I am constantly frustrated by being "peerless" in terms of interaction design.
When I talk about how things are broken, I get blank stares. People rabidly
defend the status quo. Most interaction designers are button-twiddlers.

What keeps me sane is A) knowing that there are a few people out there, even
if I don't talk to them, who must be on the same page. I use their software
and it doesn't make me want to puke.

And B) I have a group of friends who understand me. None of them are
interaction designers or even heavily invested into creating software (with
the exception of my equally crazy husband), however.

I think this actually helps them get me, because they're not chockful of
preconceived notions. I can tell them, "Imagine if you could..." and they go
"Yeah!

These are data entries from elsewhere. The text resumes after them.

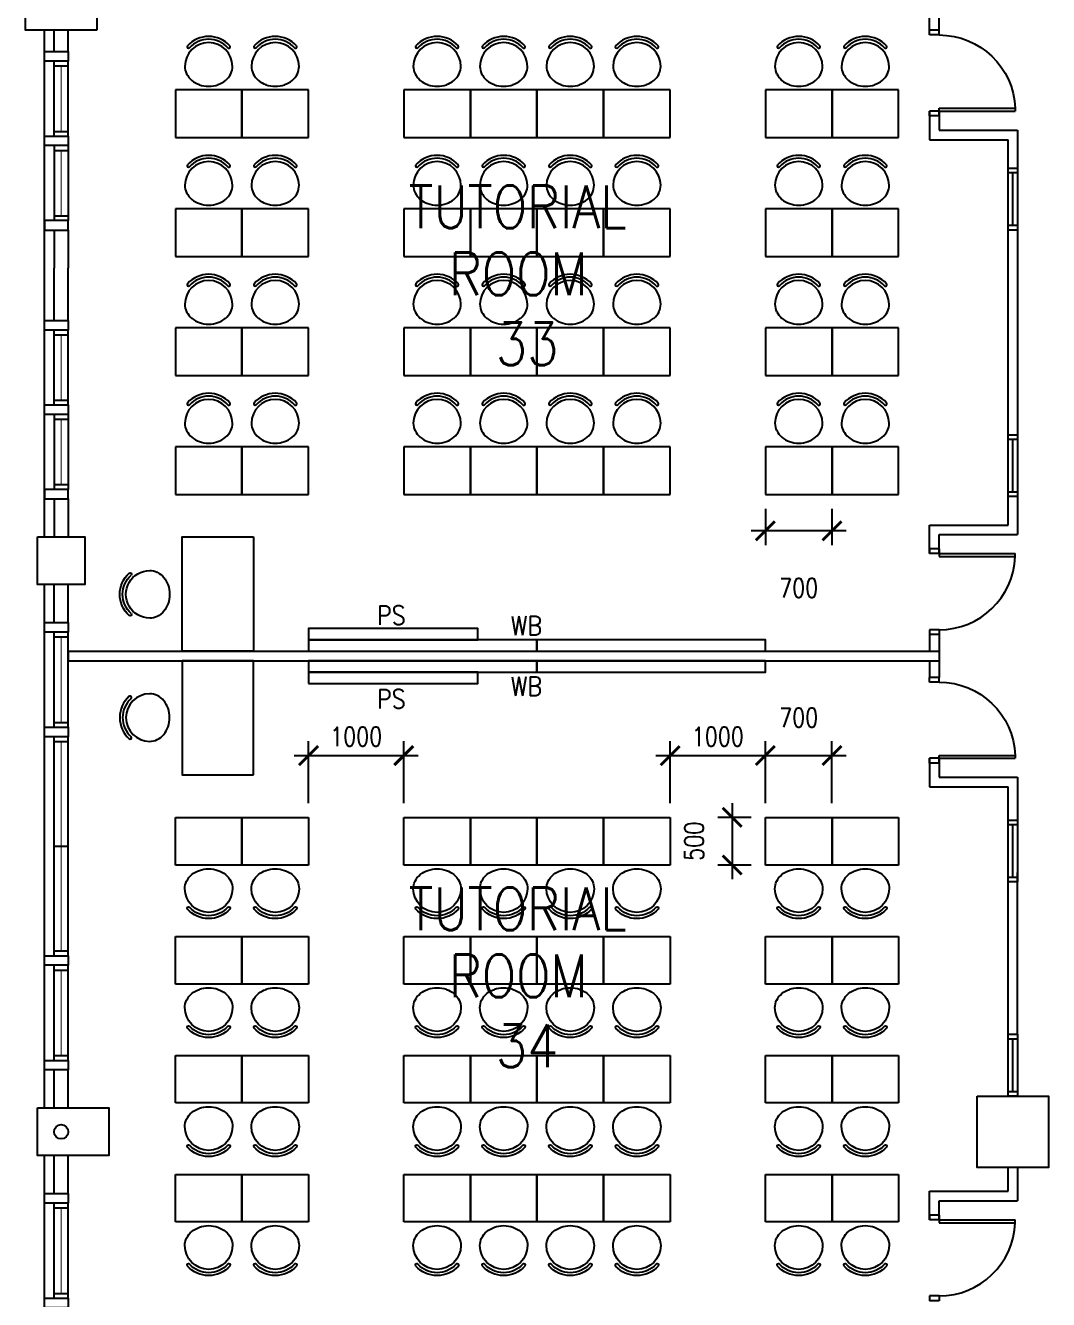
# Model space of a CAD drawing. Extents: x 2687779 to 2997471, y -863049 to -631414.
# Drawn here: x 2756841 to 2767591, y -804187 to -790799 of the extents above; entities that cross this region are included whole.
import ezdxf

# ---------------------------------------------------------------- set-up
doc = ezdxf.new("R2010")
doc.units = 0
doc.header["$LTSCALE"] = 10
doc.header["$MEASUREMENT"] = 0
doc.header["$PDMODE"] = 34
doc.layers.get('0').update_dxf_attribs({"linetype": 'CONTINUOUS'})
doc.layers.get('DEFPOINTS').update_dxf_attribs({"linetype": 'CONTINUOUS'})
for name, color, linetype in [('COL', 3, 'CONTINUOUS'), ('DOOR', 5, 'CONTINUOUS'), ('FURN', 1, 'CONTINUOUS'), ('FURN1', 7, 'CONTINUOUS'), ('LINE', 7, 'CONTINUOUS'), ('partition', 7, 'CONTINUOUS'), ('RWDP', 145, 'CONTINUOUS'), ('stair', 7, 'CONTINUOUS'), ('T50', 3, 'CONTINUOUS'), ('WALL', 2, 'CONTINUOUS'), ('WIN', 5, 'CONTINUOUS')]:
    doc.layers.add(name, color=color, linetype=linetype)
doc.styles.add('ROMANS', font='romans.shx', dxfattribs={"width": 0.8, "height": 100})
doc.styles.get("Standard").update_dxf_attribs({"font": 'ROMANS.SHX'})
doc.dimstyles.new('STANDARD$0', dxfattribs={"dimscale": 0, "dimtxt": 8, "dimasz": 6, "dimexe": 1, "dimexo": 1, "dimgap": 3, "dimtad": 1, "dimdec": 0, "dimlfac": -1, "dimrnd": 1, "dimzin": 0, "dimdsep": 46, "dimtxsty": 'Standard', "dimcen": 0, "dimclrd": 5, "dimclre": 250, "dimadec": 0, "dimazin": 0, "dimtfac": 1, "dimtdec": 4, "dimtofl": 0, "dimtmove": 0, "dimatfit": 3, "dimfxl": 1, "dimtolj": 1, "dimtzin": 0, "dimarcsym": 0})

# ---------------------------------------------------------------- blocks, each defined once
blk = doc.blocks.new('FG')
at = {"layer": 'LINE', "linetype": 'Continuous'}
for points in [[(0, 0), (50, 0), (50, 100), (0, 100)], [(600, 0), (650, 0), (650, 100), (600, 100)]]:
    blk.add_lwpolyline(points, close=True, dxfattribs=at)
at = {"layer": 'LINE', "color": 5, "linetype": 'Continuous'}
for points in [[(600, 100), (50, 100)], [(50, 0), (600, 0)]]:
    blk.add_lwpolyline(points, dxfattribs=at)
at = {"layer": 'LINE', "color": 1, "linetype": 'Continuous'}
blk.add_lwpolyline([(50, 50), (600, 50)], dxfattribs=at)
blk = doc.blocks.new('D900')
at = {"layer": 'DOOR', "color": 7}
for p, q in [((50, 100), (50, 899)), ((80, 899), (50, 899)), ((80, 100), (80, 899)), ((0, 100), (0, 0)), ((0, 100), (50, 100)), ((0, 0), (50, 0)), ((50, 100), (50, 0)), ((50, 100), (80, 100)), ((850, 100), (850, 0)), ((850, 100), (900, 100)), ((850, 0), (900, 0)), ((900, 100), (900, 0))]:
    blk.add_line(p, q, dxfattribs=at)
blk.add_arc((50, 100), 800, 0, 87.8509, dxfattribs=at)
blk = doc.blocks.new('CHAIR10')
at = {"layer": 'FURN1', "color": 1}
for centre, radius, start, end in [((-533, 772), 175, 90, 116.3827), ((-533, 697), 250, 270, 90), ((-487, 712), 252, 140.136, 160.9198), ((-515, 735), 216, 116.3827, 140.136), ((-328, 909), 15, 48.1599, 228.1599), ((-518, 697), 270, 311.8401, 48.1599), ((-518, 697), 300, 311.8401, 48.1599), ((-443, 697), 299, 160.9198, 180), ((-443, 697), 299, 180, 199.0802), ((-487, 682), 252, 199.0802, 219.864), ((-515, 658), 216, 219.864, 243.6173), ((-533, 622), 175, 243.6173, 270), ((-328, 485), 15, 131.8401, 311.8401)]:
    blk.add_arc(centre, radius, start, end, dxfattribs=at)
blk = doc.blocks.new('A$C782F2748')
at = {"layer": 'FURN'}
for p, q in [((563, 1400), (1063, 1400)), ((563, 700), (563, 1400)), ((1063, 1400), (1063, 700)), ((1063, 700), (563, 700)), ((563, 700), (1063, 700)), ((563, 0), (563, 700)), ((1063, 700), (1063, 0)), ((1063, 0), (563, 0))]:
    blk.add_line(p, q, dxfattribs=at)
at = {"linetype": 'Continuous', "xscale": -1, "rotation": 2.668041787501352e-08}
for p in [(-218, 353), (-218, -347)]:
    blk.add_blockref('CHAIR10', p, dxfattribs=at)
blk = doc.blocks.new('_ARCHTICK')
at = {"color": 0, "linetype": 'ByBlock', "const_width": 0.15}
blk.add_lwpolyline([(-0.5, -0.5), (0.5, 0.5)], dxfattribs=at)
blk = doc.blocks.new('*D363')
at = {"layer": 'DEFPOINTS', "color": 0, "linetype": 'Continuous', "transparency": 16777216}
for p in [(2764616, -798471), (2763616, -799121), (2764616, -799121)]:
    blk.add_point(p, dxfattribs=at)
at = {"layer": 'FURN', "color": 7, "linetype": 'Continuous', "lineweight": -2, "transparency": 16777216}
for p, q in [((2763616, -798971), (2763616, -798321)), ((2764616, -798971), (2764616, -798321)), ((2763466, -798471), (2764766, -798471))]:
    blk.add_line(p, q, dxfattribs=at)
at = {"layer": 'FURN', "color": 7, "linetype": 'Continuous', "lineweight": -2, "transparency": 16777216, "xscale": 200, "yscale": 200, "zscale": 200, "rotation": 180}
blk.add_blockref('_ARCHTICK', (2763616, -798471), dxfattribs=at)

And what if...?" -- my friends who are more nerdy, about either ui or
code, go "But x already does y." (Which isn't even remotely what I was talking
about.)

It's like the people who are actually in my field(s) think in terms of
Concrete Nouns and merely use those Nouns Concrete in various recombinated
forms, so if you try to come up with something that doesn't already exist,
their brains break, and they barf out "But, ...".

Pardon the self-absorbed rant, but the downside to this is that not only am I
lacking good outlets for discussing and growing my ideas, I'm lacking good
outlets for smart constructive criticism. And I miss that.

------
armandososa
Just in case somebody doubts the amazing community HN is, I posted Rodrigo's
twitter proposal last week and now he has a job at Zendesk.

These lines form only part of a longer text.